Complements of hypersurfaces in projective spaces

TL;DR

This paper investigates whether the isomorphism of complements of hypersurfaces in projective spaces implies the hypersurfaces themselves are isomorphic, providing new counterexamples and positive results across various degrees and dimensions.

Contribution

It offers counterexamples for the complement problem in higher dimensions and degrees, and establishes positive results for quadrics and certain cases, also addressing a question in the Grothendieck ring.

Findings

Counterexamples for all n, d ≥ 3 with (n, d) ≠ (3, 3)

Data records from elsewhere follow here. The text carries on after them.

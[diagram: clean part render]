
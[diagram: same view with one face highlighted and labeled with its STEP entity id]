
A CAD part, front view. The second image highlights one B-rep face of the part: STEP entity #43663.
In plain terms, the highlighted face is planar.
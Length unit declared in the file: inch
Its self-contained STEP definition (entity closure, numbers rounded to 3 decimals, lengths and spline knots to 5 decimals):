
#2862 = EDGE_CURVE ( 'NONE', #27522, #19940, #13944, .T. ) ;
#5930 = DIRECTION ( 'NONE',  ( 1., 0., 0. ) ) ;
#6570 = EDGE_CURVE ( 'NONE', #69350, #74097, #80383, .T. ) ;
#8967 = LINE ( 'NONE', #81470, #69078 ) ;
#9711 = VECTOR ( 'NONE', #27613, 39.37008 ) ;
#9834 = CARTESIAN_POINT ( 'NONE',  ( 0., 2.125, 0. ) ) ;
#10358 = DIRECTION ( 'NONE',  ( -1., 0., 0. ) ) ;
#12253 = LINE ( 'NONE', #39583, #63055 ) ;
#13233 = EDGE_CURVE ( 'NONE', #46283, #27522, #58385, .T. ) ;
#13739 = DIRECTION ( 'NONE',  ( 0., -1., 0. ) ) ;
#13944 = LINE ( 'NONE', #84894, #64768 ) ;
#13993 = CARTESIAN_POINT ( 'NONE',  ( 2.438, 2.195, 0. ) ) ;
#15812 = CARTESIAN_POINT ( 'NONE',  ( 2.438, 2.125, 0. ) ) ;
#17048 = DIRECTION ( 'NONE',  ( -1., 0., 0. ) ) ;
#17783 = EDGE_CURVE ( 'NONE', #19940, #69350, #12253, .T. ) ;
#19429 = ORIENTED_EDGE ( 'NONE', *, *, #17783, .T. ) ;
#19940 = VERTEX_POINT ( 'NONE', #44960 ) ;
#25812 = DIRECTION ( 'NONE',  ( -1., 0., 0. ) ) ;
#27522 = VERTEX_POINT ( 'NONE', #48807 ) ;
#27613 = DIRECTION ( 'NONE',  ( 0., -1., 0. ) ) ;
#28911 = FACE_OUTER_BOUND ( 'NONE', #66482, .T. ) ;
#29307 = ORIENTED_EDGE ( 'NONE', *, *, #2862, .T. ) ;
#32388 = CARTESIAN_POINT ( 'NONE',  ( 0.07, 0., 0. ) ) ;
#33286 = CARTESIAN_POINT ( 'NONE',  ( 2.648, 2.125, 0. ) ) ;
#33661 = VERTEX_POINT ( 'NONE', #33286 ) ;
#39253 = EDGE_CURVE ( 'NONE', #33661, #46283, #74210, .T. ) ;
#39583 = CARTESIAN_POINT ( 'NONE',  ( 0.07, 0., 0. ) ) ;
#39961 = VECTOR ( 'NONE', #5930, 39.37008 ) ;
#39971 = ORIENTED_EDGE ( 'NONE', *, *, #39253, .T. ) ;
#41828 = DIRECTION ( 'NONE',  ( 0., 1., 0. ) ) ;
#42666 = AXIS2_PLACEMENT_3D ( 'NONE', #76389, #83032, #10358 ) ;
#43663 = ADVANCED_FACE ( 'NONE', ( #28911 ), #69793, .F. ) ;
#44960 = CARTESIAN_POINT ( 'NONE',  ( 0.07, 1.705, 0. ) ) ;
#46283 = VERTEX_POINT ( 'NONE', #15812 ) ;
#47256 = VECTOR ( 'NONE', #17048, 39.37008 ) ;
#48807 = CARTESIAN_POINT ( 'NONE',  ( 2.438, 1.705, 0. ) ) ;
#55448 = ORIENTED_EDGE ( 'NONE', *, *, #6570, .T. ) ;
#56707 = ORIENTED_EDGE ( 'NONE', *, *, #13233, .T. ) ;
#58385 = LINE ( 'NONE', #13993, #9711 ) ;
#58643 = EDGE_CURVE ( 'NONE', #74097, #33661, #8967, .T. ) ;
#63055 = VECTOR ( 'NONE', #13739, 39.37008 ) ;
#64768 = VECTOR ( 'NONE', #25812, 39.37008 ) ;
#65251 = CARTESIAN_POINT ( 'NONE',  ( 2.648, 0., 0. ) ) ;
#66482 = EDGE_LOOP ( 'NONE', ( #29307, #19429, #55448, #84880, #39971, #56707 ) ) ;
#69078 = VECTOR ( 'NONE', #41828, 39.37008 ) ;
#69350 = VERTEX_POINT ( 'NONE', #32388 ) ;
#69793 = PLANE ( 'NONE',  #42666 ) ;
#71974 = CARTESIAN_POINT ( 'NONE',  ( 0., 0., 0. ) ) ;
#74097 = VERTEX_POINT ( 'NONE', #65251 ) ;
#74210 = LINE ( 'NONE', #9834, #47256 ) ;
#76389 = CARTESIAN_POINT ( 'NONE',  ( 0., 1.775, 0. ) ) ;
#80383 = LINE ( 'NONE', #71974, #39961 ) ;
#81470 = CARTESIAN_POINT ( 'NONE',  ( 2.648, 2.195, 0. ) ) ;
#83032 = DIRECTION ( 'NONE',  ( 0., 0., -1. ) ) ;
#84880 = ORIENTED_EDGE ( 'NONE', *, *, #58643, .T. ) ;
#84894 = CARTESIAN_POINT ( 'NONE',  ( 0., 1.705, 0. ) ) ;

Positive results for degree 2 hypersurfaces

A new criterion for rational normal projective surfaces in the Grothendieck ring

Abstract

We study the complement problem in projective spaces $\mathbb{P}^n$ over any algebraically closed field: If $H, H' \subseteq \mathbb{P}^n$ are irreducible hypersurfaces of degree $d$ such that the complements $\mathbb{P}^n \setminus H$, $\mathbb{P}^n \setminus H'$ are isomorphic, are the hypersurfaces $H$, $H'$ isomorphic? For $n = 2$, the answer is positive if $d\leq 7$ and there are counterexamples when $d = 8$. In contrast we provide counterexamples for all $n, d \geq 3$ with $(n, d) \neq (3, 3)$. Moreover, we show that the complement problem has an affirmative answer for $d = 2$ and give partial results in case $(n, d) = (3, 3)$. In the course of the exposition, we prove that rational normal projective surfaces admitting a desingularisation by trees of smooth rational curves are piecewise isomorphic if and only if they coincide in the Grothendieck ring, answering affirmatively a question posed by Larsen and Lunts for such surfaces.